Now you can use any of the techniques illustrated in over 200 tutorial files that you also unzipped from the download. Here's a simple bit of code that reads in the properties of a pdf file that's on the web (chosen at random) at:
http://www.chinehamchat.com/Chineham_Chat_Advertisements.pdf

(note: the sample pdf file may have changed since I ran my program)

using System;

using System.Collections.Generic;

using System.Text;

using iTextSharp.text;

using iTextSharp.text.pdf;

namespace PdfProperties

{

    class Program

    {

        static void Main(string[] args)

        {

            // create a reader (constructor overloaded for path to local file or URL)

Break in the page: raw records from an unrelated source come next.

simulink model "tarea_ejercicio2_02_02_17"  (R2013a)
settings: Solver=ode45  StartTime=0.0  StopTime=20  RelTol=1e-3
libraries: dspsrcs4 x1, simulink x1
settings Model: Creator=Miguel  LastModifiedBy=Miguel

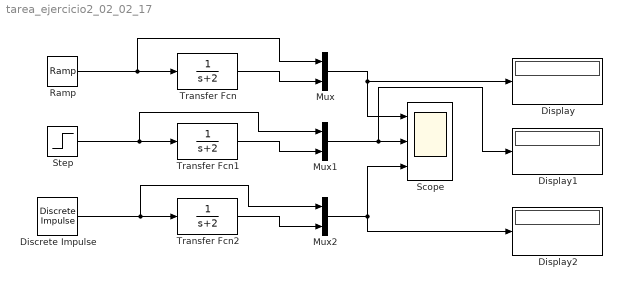
== system tarea_ejercicio2_02_02_17 ==
  Discrete Impulse : dspsrcs4/Discrete  Impulse  Delay=0  SampleTime=1  FrameSample=1  dataType=double  isSigned=on  wordLen=16  udDataType=sfix(16)  fracBitsMode=Best precision  numFracBits=15  OutDataTypeStr=double  LastOutDataTypeStr=double
  Display : Display
  Display1 : Display
  Display2 : Display
  Mux : Mux  Inputs=2
  Mux1 : Mux  Inputs=2
  Mux2 : Mux  Inputs=2
  Ramp : simulink/Sources/Ramp  slope=1  start=0  X0=0
  Scope : Scope  NumInputPorts=3
      settings: TickLabels=on  ShowLegends=on  YMin=-5~-5~-5  YMax=5~5~5
  Step : Step  SampleTime=0
  Transfer Fcn : TransferFcn  Denominator=[1 2]
  Transfer Fcn1 : TransferFcn  Denominator=[1 2]
  Transfer Fcn2 : TransferFcn  Denominator=[1 2]
  wires:
  Ramp/1 -> Mux/1, Transfer Fcn/1
  Step/1 -> Mux1/1, Transfer Fcn1/1
  Discrete Impulse/1 -> Mux2/1, Transfer Fcn2/1
  Transfer Fcn2/1 -> Mux2/2
  Transfer Fcn1/1 -> Mux1/2
  Transfer Fcn/1 -> Mux/2
  Mux1/1 -> Display1/1, Scope/2
  Mux/1 -> Display/1, Scope/1
  Mux2/1 -> Display2/1, Scope/3
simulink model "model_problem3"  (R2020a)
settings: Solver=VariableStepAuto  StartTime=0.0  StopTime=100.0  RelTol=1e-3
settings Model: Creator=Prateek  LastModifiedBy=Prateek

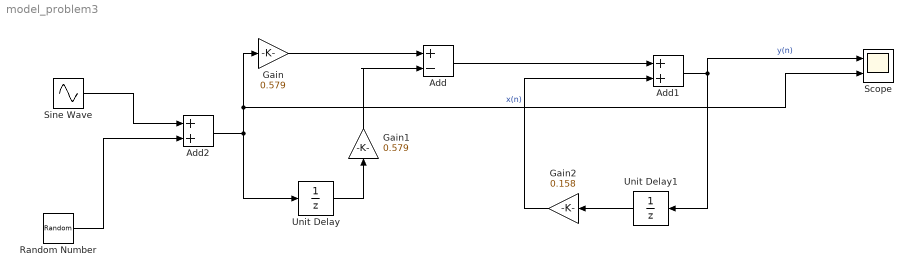
== system model_problem3 ==
  Add : Sum  Inputs=+-
  Add1 : Sum
  Add2 : Sum
  Gain : Gain  Gain=0.579
  Gain1 : Gain  Gain=0.579
  Gain2 : Gain  Gain=0.158
  Random Number : RandomNumber  SampleTime=0.001
  Scope : Scope  NumInputPorts=2
  Sine Wave : Sin  SampleTime=0
  Unit Delay : UnitDelay  SampleTime=-1  HasFrameUpgradeWarning=on
  Unit Delay1 : UnitDelay  SampleTime=-1  HasFrameUpgradeWarning=on
  wires:
  Gain/1 -> Add/1
  Unit Delay/1 -> Gain1/1
  Gain1/1 -> Add/2
  Add2/1 -> Gain/1, Scope/2, Unit Delay/1  "x(n)"
  Add/1 -> Add1/1
  Add1/1 -> Scope/1, Unit Delay1/1  "y(n)"
  Unit Delay1/1 -> Gain2/1
  Gain2/1 -> Add1/2
  Sine Wave/1 -> Add2/1
  Random Number/1 -> Add2/2
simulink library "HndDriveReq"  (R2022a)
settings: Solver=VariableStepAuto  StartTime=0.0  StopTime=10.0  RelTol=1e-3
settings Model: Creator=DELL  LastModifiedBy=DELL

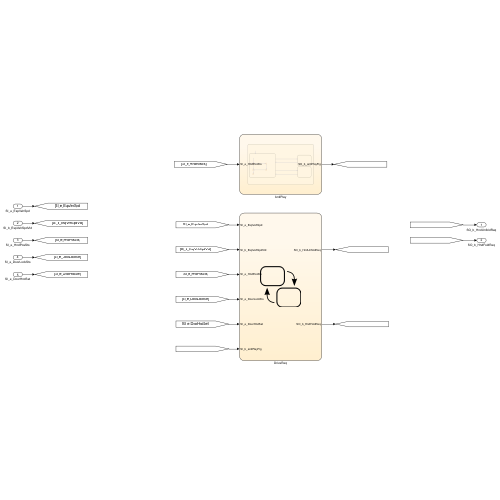
[thumbnail: Simulink's stored preview of the top-level diagram]
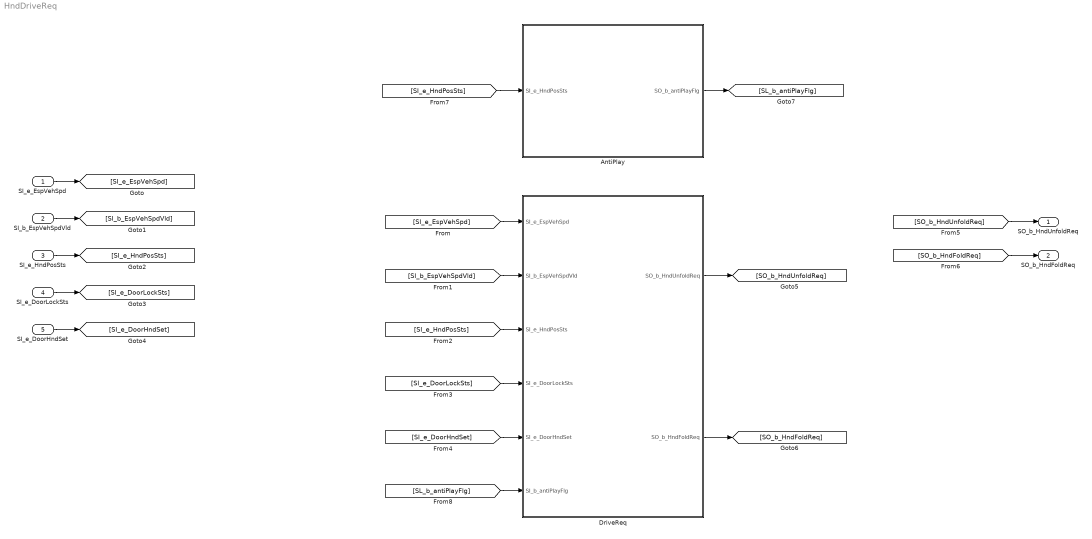
== system HndDriveReq ==
  SI_e_EspVehSpd : Inport
  SI_b_EspVehSpdVld : Inport  Port=2
  SI_e_HndPosSts : Inport  Port=3
  SI_e_DoorLockSts : Inport  Port=4
  SI_e_DoorHndSet : Inport  Port=5
  AntiPlay : Stateflow chart  TreatAsAtomicUnit=on
  DriveReq : Stateflow chart  TreatAsAtomicUnit=on
  SO_b_HndUnfoldReq : Outport
  SO_b_HndFoldReq : Outport  Port=2
  wires:
  SI_e_EspVehSpd/1 -> [SI_e_EspVehSpd]
  SI_b_EspVehSpdVld/1 -> [SI_b_EspVehSpdVld]
  SI_e_HndPosSts/1 -> [SI_e_HndPosSts]
  SI_e_DoorLockSts/1 -> [SI_e_DoorLockSts]
  SI_e_DoorHndSet/1 -> [SI_e_DoorHndSet]
  [SI_e_EspVehSpd] -> DriveReq/1(SI_e_EspVehSpd)
  [SI_b_EspVehSpdVld] -> DriveReq/2(SI_b_EspVehSpdVld)
  [SI_e_HndPosSts] -> DriveReq/3(SI_e_HndPosSts)
  [SI_e_DoorLockSts] -> DriveReq/4(SI_e_DoorLockSts)
  [SI_e_DoorHndSet] -> DriveReq/5(SI_e_DoorHndSet)
  [SO_b_HndUnfoldReq] -> SO_b_HndUnfoldReq/1
  [SO_b_HndFoldReq] -> SO_b_HndFoldReq/1
  DriveReq/1(SO_b_HndUnfoldReq) -> [SO_b_HndUnfoldReq]
  DriveReq/2(SO_b_HndFoldReq) -> [SO_b_HndFoldReq]
  [SI_e_HndPosSts] -> AntiPlay/1(SI_e_HndPosSts)
  AntiPlay/1(SO_b_antiPlayFlg) -> [SL_b_antiPlayFlg]
  [SL_b_antiPlayFlg] -> DriveReq/6(SI_b_antiPlayFlg)

== stateflow chart HndDriveReq/AntiPlay ==
  state AntiPlay
    state Count
      (default) -> (junction 4)
      Count -> (junction 4) [order 1]
      (junction 4) -> (junction 5) [order 1] : [hasChangedTo(SI_e_HndPosSts, 1) || ...
          | hasChangedTo(SI_e_HndPosSts, 0)]
      (junction 4) -> (junction 6) [order 2]
      (junction 5) -> (junction 7) : {SL_e_antiPlayCount ++}
      (junction 7) -> (junction 6)
      (junction 6) -> (junction 9)
    state TrigAndClean
      en:
      SO_b_antiPlayFlg = 1;
      SL_e_antiPlayCount = 0;
    state Clean
      en:
      SL_e_antiPlayCount = 0;
    (default) -> Count
    Count -> TrigAndClean [order 1] : [before(3000, tick) &&...
        | SL_e_antiPlayCount >= 10]
    TrigAndClean -> Count : after(18000, tick)
        | {SO_b_antiPlayFlg = 0;}
    Count -> Clean [order 2] : [after(3000, tick)]
    Clean -> Count
  data: SL_e_antiPlayCount local uint8 =0; SI_e_HndPosSts input uint8 =0; SO_b_antiPlayFlg output boolean =0

== stateflow chart HndDriveReq/DriveReq ==
  state Unfold [parallel]
    settings: executionOrder=1
    state Idle
      SO_b_HndUnfoldReq = 0;
    state NormalUnfoldReq
      en:
      SO_b_HndUnfoldReq = 1;
      on at(5, tick):
      SO_b_HndUnfoldReq = 0;
    state ExhibUnfoldReq
      en:
      SO_b_HndUnfoldReq = 1;
    state WashUnfoldReq
      en:
      SO_b_HndUnfoldReq = 1;
    (default) -> Unfold.Idle
    Unfold.Idle -> NormalUnfoldReq [order 1] : [((SI_e_EspVehSpd <= 20 && SI_b_EspVehSpdVld == 0) || ...
        | SI_b_EspVehSpdVld == 1) && ...
        | (SI_b_DoorAjar == 1 || SI_e_DoorLockSts == 1) && ...
        | SI_e_HndPosSts != 1]
    NormalUnfoldReq -> Unfold.Idle : [(SI_e_EspVehSpd > 20 && SI_b_EspVehSpdVld == 0) || ...
        | (SI_b_DoorAjar != 1 && SI_e_DoorLockSts != 1) || ...
        | SI_e_HndPosSts == 1]
        | {SO_b_HndUnfoldReq = 0;}
    Unfold.Idle -> ExhibUnfoldReq [order 2] : [hasChangedTo(SI_e_DoorHndSet, 4) && ...
        | SI_e_HndPosSts != 1]
    ExhibUnfoldReq -> Unfold.Idle : after(5, tick)
    Unfold.Idle -> WashUnfoldReq [order 3] : [hasChangedTo(SI_e_DoorHndSet, 3) && ...
        | SI_e_HndPosSts != 1]
    WashUnfoldReq -> Unfold.Idle : after(5, tick)
  state Fold [parallel]
    settings: executionOrder=2
    state Idle
      SO_b_HndFoldReq = 0;
    state FoldReq
      en:
      SO_b_HndFoldReq = 1;
    (default) -> Fold.Idle
    Fold.Idle -> FoldReq : [(SI_e_EspVehSpd > 20 && SI_b_EspVehSpdVld == 0) && ...
        | SI_e_DoorLockSts == 0 && ...
        | SL_b_antiPlayFlg == 0 && ...
        | SI_e_HndPosSts != 0]
    FoldReq -> Fold.Idle : [((SI_e_EspVehSpd <= 20 && SI_b_EspVehSpdVld == 0) || ...
        | SI_b_EspVehSpdVld == 1) || ...
        | SI_e_DoorLockSts != 0 || ...
        | SL_b_antiPlayFlg == 1 || ...
        | SI_e_HndPosSts == 0]
  data: SI_e_EspVehSpd input uint8; SI_b_EspVehSpdVld input boolean; SO_b_HndUnfoldReq output boolean; SL_e_antiPlayCount local uint8 =0; SI_e_HndPosSts input uint8; SI_e_DoorLockSts input uint8; SI_e_DoorHndSet input uint8; SO_b_HndFoldReq output boolean; SI_b_antiPlayFlg input boolean =0

            PdfReader reader

                = new PdfReader("http://www.chinehamchat.com/Chineham_Chat_Advertisements.pdf");

            // total number of pages

            int n = reader.NumberOfPages;

            // size of the first page

            Rectangle psize = reader.GetPageSize(1);

            float width = psize.Width;

            float height = psize.Height;

            Console.WriteLine("Size of page 1 of {0} => {1} × {2}", n, width, height);

            // file properties

            Dictionary<string, string> infodict = reader.Info;

            foreach (KeyValuePair<string, string> kvp in infodict)

                Console.WriteLine(kvp.Key + " => " + kvp.Value);

        }

    }

}

from which the output (eventually – you need to give time for the pdf to download) is:

Size of page 1 of 24 => 421 × 595
ModDate => D:20120122082532Z
CreationDate => D:20101117141712Z
Title => Chineham Chat Advertisement Supplement
Creator => PScript5.dll Version 5.2.2
Author => Chineham Chat Magazine
Keywords => Chineham Chat, Magazine, Basingstoke, Advertisements
Subject => Adverts from the Chineham Chat magazine, distributed free to all households in Chineham, Basingstoke, Hampshire, UK
Producer => Acrobat Distiller 4.05 for Windows

While you’re typing in the code, you'll notice when you type reader. that Intellisense gives you a long list of methods and properties – evidence of the breadth of functionality in this library.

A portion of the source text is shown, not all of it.